== Segment start ==

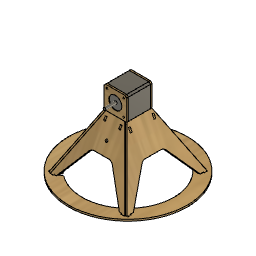
stepper stand v6 (Autodesk Fusion 360 design; units mm, degrees)
Autodesk Fusion 360 part; units mm, degrees
(part 1 of 2)
sketch "Sketch1" plane through (0, 0, 0) normal (0, 1, 0) x (1, 0, 0) in component "stepper"
  circle A0 centre (0, 0) radius 2.5
  circle A1 centre (0, 0) radius 12
  line L0 (21, 21) -> (-21, 21)
  line L1 (-21, 21) -> (-21, -21)
  line L2 (-21, -21) -> (21, -21)
  line L3 (21, -21) -> (21, 21)
  line L4 (21, 21) -> (-21, -21) construction
  line L5 (-21, 21) -> (21, -21) construction
  line L6 (-15.5, -15.5) -> (15.5, -15.5) construction
  line L7 (15.5, -15.5) -> (15.5, 15.5) construction
  line L8 (15.5, 15.5) -> (-15.5, 15.5) construction
  line L9 (-15.5, 15.5) -> (-15.5, -15.5) construction
  line L10 (-15.5, -15.5) -> (15.5, 15.5) construction
  line L11 (15.5, -15.5) -> (-15.5, 15.5) construction
  circle A2 centre (15.5, -15.5) radius 1.5
  circle A3 centre (-15.5, -15.5) radius 1.5
  circle A4 centre (-15.5, 15.5) radius 1.5
  circle A5 centre (15.5, 15.5) radius 1.5
  dimension "d1" = 5
  dimension "d2" = 24
  dimension "d3" = 42
  dimension "d4" = 42
  dimension "d5" = 31
  dimension "d6" = 31
  dimension "d7" = 3
  dimension "d8" = 3
  dimension "d9" = 3
  dimension "d10" = 3
  constraint coincident A0.centre A1.centre
  constraint concentric A0 A1
  constraint horizontal L0
  constraint perpendicular L0 L1
  constraint parallel L0 L2
  constraint parallel L1 L3
  constraint coincident L4 A0.centre
  constraint coincident L5 A0.centre
  constraint horizontal L6
  constraint perpendicular L6 L7
  constraint parallel L6 L8
  constraint parallel L7 L9
  constraint coincident L10 A0.centre
  constraint coincident L11 A0.centre
  constraint coincident L6.end L7.start
  constraint coincident L6.start L9.end
  constraint coincident L8.end L9.start
  constraint coincident L7.end L8.start
  measures "d1" diameter of A0
  measures "d2" diameter of A1
  measures "d3" distance of L1.end L2.end
  measures "d4" distance of L0.end L1.end
  measures "d5" distance of L7.end L8.end
  measures "d6" distance of L6.end L7.end
  measures "d7" diameter of A2
  measures "d8" diameter of A3
  measures "d9" diameter of A4
  measures "d10" diameter of A5
extrude "Extrude1" add sketch "Sketch1" against normal blind 41 from surface at 20.5 contours A0 | A1 | L0 L1 L2 L3 | A2 | A3 | A4 | A5 makes body 1 in component "stepper"
extrude "Extrude2" add sketch "Sketch1" against normal blind 2 from surface at -20.5 contours A0 | A1 bodies 1 in component "stepper"
extrude "Extrude3" add sketch "Sketch1" against normal blind 21 from surface at -22.5 contours A0 bodies 1 in component "stepper"
extrude "Extrude4" cut sketch "Sketch1" along normal blind 5 from surface at -20.5 contours A2 | A3 | A4 | A5 bodies 1 in component "stepper"
sketch "Sketch1 (2)" plane through (0, 0, 0) normal (0, 1, 0) x (1, 0, 0) in component "front plate"
  circle A0 centre (15.5, -15.5) radius 1.5
  circle A1 centre (15.5, 15.5) radius 1.5
  circle A2 centre (-15.5, -15.5) radius 1.5
  circle A3 centre (-15.5, 15.5) radius 1.5
  circle A4 centre (0, 0) radius 12
  line L0 (21, 21) -> (21, -21)
  line L1 (21, -21) -> (-21, -21)
  line L2 (-21, -21) -> (-21, 21)
  line L3 (-21, 21) -> (21, 21)
  line L4 (0, 21) -> (0, 121) construction
  line L5 (-142.4653, 121) -> (140, 121) construction
  line L6 (21, 21) -> (71.9525, 121)
  line L7 (21, 21) -> (155.3334, 21) construction
  line L8 (-21, 21) -> (-71.9525, 121)
  line L9 (13.9709, 71) -> (-46.4763, 71)
  line L10 (-17.633, 21) -> (-68.5856, 121)
  line L11 (17.633, 21) -> (68.5856, 121)
  line L12 (-21, 21) -> (-18.327, 22.362)
  line L13 (21, 21) -> (18.327, 22.362)
  line L14 (-25.2759, 36) -> (25.2759, 36)
  line L15 (68.5856, 121) -> (58.5856, 121)
  line L16 (58.5856, 121) -> (21.7954, 74.7728)
  arc A5 (13.9709, 71) -> (21.7954, 74.7728) centre (13.9709, 81) ccw
  line L17 (-68.5856, 121) -> (-58.5856, 121)
  line L18 (-58.5856, 121) -> (-21.7954, 74.7728)
  arc A6 (-21.7954, 74.7728) -> (-13.9709, 71) centre (-13.9709, 81) ccw
  line L19 (25.2759, 36) -> (27.9489, 34.638)
  line L20 (24.317, 27.51) -> (21.644, 28.8719)
  line L21 (-25.2759, 36) -> (-27.9489, 34.638)
  line L22 (-24.317, 27.51) -> (-21.644, 28.8719)
  line L23 (12.5, 21) -> (12.5, 36)
  line L24 (15.5, 21) -> (15.5, 36)
  line L25 (12.5, 28.5) -> (15.5, 28.5)
  line L26 (-12.5, 21) -> (-12.5, 36)
  line L27 (-15.5, 21) -> (-15.5, 36)
  line L28 (-12.5, 28.5) -> (-15.5, 28.5)
  dimension "d23" = 100
  dimension "d24" = 63
  dimension "d25" = 50
  dimension "d28" = 3
  dimension "d29" = 3
  dimension "d30" = 15
  dimension "d31" = 10
  dimension "d32" = 10
  dimension "d33" = 8
  dimension "d34" = 12.5
  dimension "d35" = 3
  constraint midpoint L3 L4.start
  constraint perpendicular L3 L4
  constraint perpendicular L4 L5
  constraint horizontal L7
  constraint coincident L0.start L3.end
  constraint coincident L5 L6.end
  constraint symmetric L4 L0.start L2.end
  constraint symmetric L4 L6.end L8.end
  constraint coincident L4.end L5
  constraint coincident L8 L9.end
  constraint horizontal L9
  constraint parallel L8 L10
  constraint coincident L3 L10.start
  constraint parallel L6 L11
  constraint coincident L3 L11.start
  constraint coincident L2.end L3.start
  constraint coincident L10 L12.end
  constraint perpendicular L10 L12
  constraint coincident L11 L13.end
  constraint perpendicular L11 L13
  constraint coincident L10 L14.start
  constraint coincident L11 L14.end
  constraint horizontal L14
  constraint coincident L5 L10.end
  constraint coincident L5 L11.end
  constraint coincident L5 L15.end
  constraint coincident L2.end L16
  constraint tangent L16 A5
  constraint tangent L9 A5
  constraint symmetric L4 L11.end L10.end
  constraint symmetric L4 L15.end L17.end
  constraint symmetric L4 L16.end L18.end
  constraint symmetric L4 L9.start A6.end
  constraint symmetric L4 A5 A6
  constraint coincident L6 L19.end
  constraint perpendicular L6 L19
  constraint coincident L6 L20.start
  constraint coincident L11 L20.end
  constraint perpendicular L11 L20
  constraint symmetric L4 L14.end L14.start
  constraint symmetric L4 L19.end L21.end
  constraint symmetric L4 L20.start L22.start
  constraint symmetric L4 L20.end L22.end
  constraint coincident L3 L23.start
  constraint coincident L14 L23.end
  constraint perpendicular L14 L23
  constraint coincident L3 L24.start
  constraint coincident L14 L24.end
  constraint perpendicular L14 L24
  constraint midpoint L23 L25.start
  constraint midpoint L24 L25.end
  constraint symmetric L4 L23.start L26.start
  constraint symmetric L4 L23.end L26.end
  constraint symmetric L4 L24.start L27.start
  constraint symmetric L4 L24.end L27.end
  constraint symmetric L4 L25.start L28.start
  constraint symmetric L4 L25.end L28.end
  measures "d23" distance of L4.start L4.end
  measures "d24" angle of L6 L7
  measures "d25" distance of L3 L9
  measures "d28" distance of L0.start L13.end
  measures "d29" distance of L2.end L12.end
  measures "d30" distance of L3 L14
  measures "d31" distance of L11.end L15.end
  measures "d32" radius of A5
  measures "d33" distance of L19 L20
  measures "d34" distance of L4 L23
  measures "d35" distance of L23 L24
extrude "Extrude1'" add sketch "Sketch1 (2)" against normal blind 3 from surface at -20.5 separate body contours L0 L1 L2 L3 | L3 L11 L14 L24 | L6 L11 L19 L20 | L3 L23 L24 L25 | L3 L14 L23 L26 | L3 L10 L14 L27 | L8 L10 L21 L22 | L3 L26 L27 L28 makes body 2 in component "front plate"
extrude "Extrude2'" add sketch "Sketch1 (2)" along normal blind 3 from surface at 20.5 separate body contours A0 | A1 | A2 | A3 | A4 | L0 L1 L2 L3 | L3 L11 L14 L24 | L6 L11 L19 L20 | L3 L23 L24 L25 | L3 L14 L23 L26 | L3 L10 L14 L27 | L8 L10 L21 L22 | L3 L26 L27 L28 makes body 3 in component "front plate"
sketch "Sketch1 (3)" plane through (0, 0, 0) normal (1, 0, 0) x (0, 1, 0) in component "side plate"
  line L0 (20.5, -21) -> (20.5, 21)
  line L1 (20.5, 21) -> (-20.5, 21)
  line L2 (-20.5, 21) -> (-20.5, -21)
  line L3 (-20.5, -21) -> (20.5, -21)
  line L4 (20.5, 21) -> (20.5, -21)
  line L5 (20.5, -21) -> (23.5, -21)
  line L6 (23.5, -21) -> (23.5, 21)
  line L7 (23.5, 21) -> (20.5, 21)
  line L8 (-20.5, -21) -> (-20.5, 21)
  line L9 (-20.5, 21) -> (-23.5, 21)
  line L10 (-23.5, 21) -> (-23.5, -21)
  line L11 (-23.5, -21) -> (-20.5, -21)
  line L12 (-20.5, -36) -> (-20.5, -28.5)
  line L13 (-20.5, -28.5) -> (-23.5, -28.5)
  line L14 (-23.5, -28.5) -> (-23.5, -36)
  line L15 (-23.5, -36) -> (-20.5, -36)
  line L16 (20.5, -28.5) -> (20.5, -36)
  line L17 (20.5, -36) -> (23.5, -36)
  line L18 (23.5, -36) -> (23.5, -28.5)
  line L19 (23.5, -28.5) -> (20.5, -28.5)
  line L20 (-165.7609, -120.8985) -> (170, -120.8985) construction
  line L21 (0, 0) -> (0, -121) construction
  line L22 (23.5, -21) -> (74.4008, -120.8985)
  line L23 (23.5, -21) -> (135.2326, -21) construction
  line L24 (-23.5, -21) -> (-74.4008, -120.8985)
  line L25 (-31.1429, -36) -> (31.1429, -36)
  line L26 (20.133, -21) -> (71.0338, -120.8985)
  line L27 (23.5, -28.5) -> (26.5338, -26.9542)
  line L28 (23.5, -36) -> (29.5676, -32.9084)
  line L29 (-20.133, -21) -> (-71.0338, -120.8985)
  line L30 (-23.5, -36) -> (-29.5676, -32.9084)
  line L31 (-23.5, -28.5) -> (-26.5338, -26.9542)
  line L32 (-20.5, 21) -> (-20.5, -21)
  line L33 (20.5, 21) -> (20.5, -21)
  line L34 (-20.5, -28.5) -> (-20.5, -21)
  line L35 (20.5, -28.5) -> (20.5, -21)
  point P0 (0, -121)
  dimension "d42" = 63
  dimension "d43" = 3
  constraint horizontal L20
  constraint coincident L21.start origin
  constraint coincident P0 L21.end
  constraint horizontal L23
  constraint coincident L5.end L6.start
  constraint coincident L20 L22.end
  constraint symmetric L21 L5.end L10.end
  constraint symmetric L21 L22.end L24.end
  constraint coincident L24 L25.start
  constraint coincident L22 L25.end
  constraint horizontal L25
  constraint collinear L17 L25
  constraint coincident L3 L26.start
  constraint coincident L20 L26.end
  constraint parallel L22 L26
  constraint coincident L18.end L19.start
  constraint coincident L22 L27.end
  constraint perpendicular L22 L27
  constraint coincident L17.end L18.start
  constraint coincident L22 L28.end
  constraint perpendicular L22 L28
  constraint symmetric L21 L26.start L29.start
  constraint symmetric L21 L26.end L29.end
  constraint symmetric L21 L18.end L13.end
  constraint symmetric L21 L27.end L31.end
  constraint symmetric L21 L17.end L14.end
  constraint symmetric L21 L28.end L30.end
  constraint coincident L12.end L13.start
  constraint coincident L2.end L3.start
  constraint coincident L16.start L19.end
  constraint coincident L0.start L3.end
  measures "d42" angle of L22 L23
  measures "d43" distance of L22 L26
extrude "Extrude1''" add sketch "Sketch1 (3)" along normal blind 3 from surface at 12.5 separate body contours L3 L12 L16 L25 L26 L29 L34 L35 | L22 L26 L27 L28 | L18 L26 L27 L28 | L16 L17 L18 L19 L25 | L25 L26 L28 | L14 L29 L30 L31 | L24 L29 L30 L31 | L12 L13 L14 L15 L25 | L25 L29 L30 makes body 4 in component "side plate"
mirror "Mirror1" about plane through (0, 0, 0) normal (1, 0, 0) of bodies 4 makes body 5 in component "side plate"
sketch "Sketch2" plane through (0, 0, 0) normal (0, 1, 0) x (1, 0, 0) in component "front face"
  line L0 (58.5856, 121) -> (21.7954, 74.7728)
  arc A0 (13.9709, 71) -> (21.7954, 74.7728) centre (13.9709, 81) ccw
  arc A1 (-21.7954, 74.7728) -> (-13.9709, 71) centre (-13.9709, 81) ccw
  line L1 (13.9709, 71) -> (-46.4763, 71)
  line L2 (-58.5856, 121) -> (-21.7954, 74.7728)
  line L3 (-68.5856, 121) -> (-58.5856, 121)
  line L4 (-17.633, 21) -> (-68.5856, 121)
  line L5 (-21, 21) -> (21, 21)
  line L6 (17.633, 21) -> (68.5856, 121)
  line L7 (68.5856, 121) -> (58.5856, 121)
  line L8 (68.5856, 121) -> (62.5856, 121)
  line L9 (62.5856, 121) -> (62.5856, 124)
  line L10 (62.5856, 124) -> (68.5856, 124)
  line L11 (68.5856, 124) -> (68.5856, 121)
  line L12 (0, 21) -> (0, 121)
  line L13 (-62.5856, 121) -> (-62.5856, 124)
  line L14 (-68.5856, 121) -> (-62.5856, 121)
  line L15 (-68.5856, 124) -> (-68.5856, 121)
  line L16 (-62.5856, 124) -> (-68.5856, 124)
  point P0 (-68.5856, 121)
  point P1 (-68.5856, 121)
  dimension "d53" = 6
  dimension "d54" = 3
  constraint horizontal L8
  constraint vertical L9
  constraint horizontal L10
  constraint vertical L11
  constraint coincident L6.end L7.start
  constraint symmetric L6.end L12 P1
  constraint symmetric L8.end L12 L13.start
  constraint symmetric L9.end L12 L13.end
  constraint symmetric L10.end L12 L15.start
  measures "d53" distance of L6.end L8.end
  measures "d54" distance of L6.end L10.end
extrude "Extrude1'''" add sketch "Sketch2" along normal blind -200 and the other way blind -200 separate body makes body 6 in component "front face"
ref_plane "WorkPlane1" through (-14, -28.0507, -29.9313) normal (0, -0.891007, 0.45399) x (0, -0.45399, -0.891007) in component "front face"
split "Split1" by plane through (-14, -28.0507, -29.9313) normal (0, -0.891007, 0.45399) bodies 6 makes body 7 at (34.6172, -99.3175, -54.3333) in component "front face"
sketch "Sketch3" plane through (0, -10.1618, 5.1777) normal (0, -0.891007, 0.45399) x (1, 0, 0) in component "front face"
  line L0 (68.5856, -141.6125) -> (17.633, -29.3799)
  line L1 (17.633, -29.3799) -> (-17.633, -29.3799)
  line L2 (-17.633, -29.3799) -> (-68.5856, -141.6125)
  line L3 (-62.5856, -141.6125) -> (-58.5856, -141.6125)
  line L4 (-58.5856, -141.6125) -> (-21.7954, -89.7306)
  ellipse E0 centre (-13.9709, -96.7195) end of major axis (-13.9709, -85.4962) minor radius 10 (-13.9709, -85.4962) -> (-21.7954, -89.7306) ccw
  line L5 (-13.9709, -85.4962) -> (13.9709, -85.4962)
  ellipse E1 centre (13.9709, -96.7195) end of major axis (13.9709, -85.4962) minor radius 10 (21.7954, -89.7306) -> (13.9709, -85.4962) ccw
  line L6 (21.7954, -89.7306) -> (58.5856, -141.6125)
  line L7 (58.5856, -141.6125) -> (62.5856, -141.6125)
  line L8 (-17.633, -29.3799) -> (-68.3511, -141.0961)
  line L9 (-68.3511, -141.0961) -> (-60.9204, -141.0961)
  line L10 (-60.9204, -141.0961) -> (-24.729, -90.0586)
  ellipse E2 centre (-13.9709, -96.7195) end of major axis (-13.7968, -84.6799) minor radius 12.8971 (-13.9966, -84.6784) -> (-24.729, -90.0586) ccw
  line L11 (-13.9966, -84.6784) -> (13.8126, -84.6784)
  ellipse E3 centre (13.9709, -96.7195) end of major axis (13.5291, -84.6836) minor radius 9.6471 (21.1526, -88.8241) -> (13.8126, -84.6784) ccw
  line L12 (21.1526, -88.8241) -> (58.5856, -141.6125)
  line L13 (58.5856, -141.6125) -> (68.5856, -141.6125)
  line L14 (68.5856, -141.6125) -> (17.633, -29.3799)
  line L15 (17.633, -29.3799) -> (-17.633, -29.3799)
  line L16 (-68.5856, -144.9795) -> (-62.5856, -144.9795)
  line L17 (-62.5856, -144.9795) -> (-62.5856, -141.6125)
  line L18 (62.5856, -141.6125) -> (62.5856, -144.9795)
  line L19 (62.5856, -144.9795) -> (68.5856, -144.9795)
  line L20 (68.5856, -144.9795) -> (68.5856, -141.6125)
  line L21 (-68.5856, -141.6125) -> (-68.5856, -144.9795)
  line L22 (-12.5, -42.745) -> (-12.5, -36.0625)
  line L23 (-12.5, -36.0625) -> (-15.5, -36.0625)
  line L24 (-15.5, -36.0625) -> (-15.5, -42.745)
  line L25 (-15.5, -42.745) -> (-12.5, -42.745)
  line L26 (12.5, -36.0625) -> (12.5, -42.745)
  line L27 (12.5, -42.745) -> (15.5, -42.745)
  line L28 (15.5, -42.745) -> (15.5, -36.0625)
  line L29 (15.5, -36.0625) -> (12.5, -36.0625)
  circle A0 centre (0, -65) radius 2.25
  dimension "d55" = 4.5
  constraint parallel L2 L8
  constraint parallel L3 L9
  constraint parallel L4 L10
  constraint concentric E0 E2
  constraint parallel L5 L11
  constraint concentric E1 E3
  constraint parallel L6 L12
  constraint parallel L7 L13
  constraint parallel L0 L14
  constraint parallel L1 L15
  constraint tangent L10 E2
  constraint tangent E2 L11
  constraint tangent E3 L12
  constraint tangent L11 E3
  measures "d55" diameter of A0
extrude "Extrude2''" add sketch "Sketch3" against normal blind 3 separate body makes body 8 in component "front face"
draft "Draft1" angle -63 neutral plane through (0, -10.1618, 5.1777) pull (0, -0.891007, 0.45399) 1 faces at (5.8777, -22.609, -21.454) on bodies 8 in component "front face"
ref_plane "WorkPlane2" through (14, 28.0507, -29.9313) normal (0, 0.891007, 0.45399) x (0, -0.45399, 0.891007) in component "front face"
split "Split2" by plane through (14, 28.0507, -29.9313) normal (0, 0.891007, 0.45399) bodies 6 makes body 9 at (34.6172, 99.3175, -54.3333) in component "front face"
sketch "Sketch4" plane through (0, 10.1618, 5.1777) normal (0, 0.891007, 0.45399) x (-1, 0, 0) in component "front face"
  line L0 (-62.5856, -141.6125) -> (-58.5856, -141.6125)
  line L1 (-58.5856, -141.6125) -> (-21.7954, -89.7306)
  ellipse E0 centre (-13.9709, -96.7195) end of major axis (-13.9709, -85.4962) minor radius 10 (-13.9709, -85.4962) -> (-21.7954, -89.7306) ccw
  line L2 (-13.9709, -85.4962) -> (13.9709, -85.4962)
  ellipse E1 centre (13.9709, -96.7195) end of major axis (13.9709, -85.4962) minor radius 10 (21.7954, -89.7306) -> (13.9709, -85.4962) ccw
  line L3 (21.7954, -89.7306) -> (58.5856, -141.6125)
  line L4 (58.5856, -141.6125) -> (62.5856, -141.6125)
  line L5 (62.5856, -141.6125) -> (62.5856, -144.9795)
  line L6 (62.5856, -144.9795) -> (68.5856, -144.9795)
  line L7 (68.5856, -144.9795) -> (68.5856, -141.6125)
  line L8 (68.5856, -141.6125) -> (17.633, -29.3799)
  line L9 (17.633, -29.3799) -> (-17.633, -29.3799)
  line L10 (-17.633, -29.3799) -> (-68.5856, -141.6125)
  line L11 (-68.5856, -141.6125) -> (-68.5856, -144.9795)
  line L12 (-68.5856, -144.9795) -> (-62.5856, -144.9795)
  line L13 (-62.5856, -144.9795) -> (-62.5856, -141.6125)
  line L14 (-17.633, -29.3799) -> (-68.5856, -141.6125)
  line L15 (-68.5856, -141.6125) -> (-68.5856, -144.9795)
  line L16 (-68.5856, -144.9795) -> (-62.5856, -144.9795)
  line L17 (-62.5856, -144.9795) -> (-62.5856, -141.6125)
  line L18 (-62.5856, -141.6125) -> (-58.5856, -141.6125)
  line L19 (-58.5856, -141.6125) -> (-21.7954, -89.7306)
  ellipse E2 centre (-13.9709, -96.7195) end of major axis (-13.9709, -85.4962) minor radius 10 (-13.9709, -85.4962) -> (-21.7954, -89.7306) ccw
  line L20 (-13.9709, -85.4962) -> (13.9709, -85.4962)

== Segment end ==

What you have to do
Look above for the line with "constraint symmetric L21 L22.end L24.end" and the line with "constraint coincident L22 L27.end". Retype those two lines and every line between them exactly, adding nothing.

Reply to the task
  constraint symmetric L21 L22.end L24.end
  constraint coincident L24 L25.start
  constraint coincident L22 L25.end
  constraint horizontal L25
  constraint collinear L17 L25
  constraint coincident L3 L26.start
  constraint coincident L20 L26.end
  constraint parallel L22 L26
  constraint coincident L18.end L19.start
  constraint coincident L22 L27.end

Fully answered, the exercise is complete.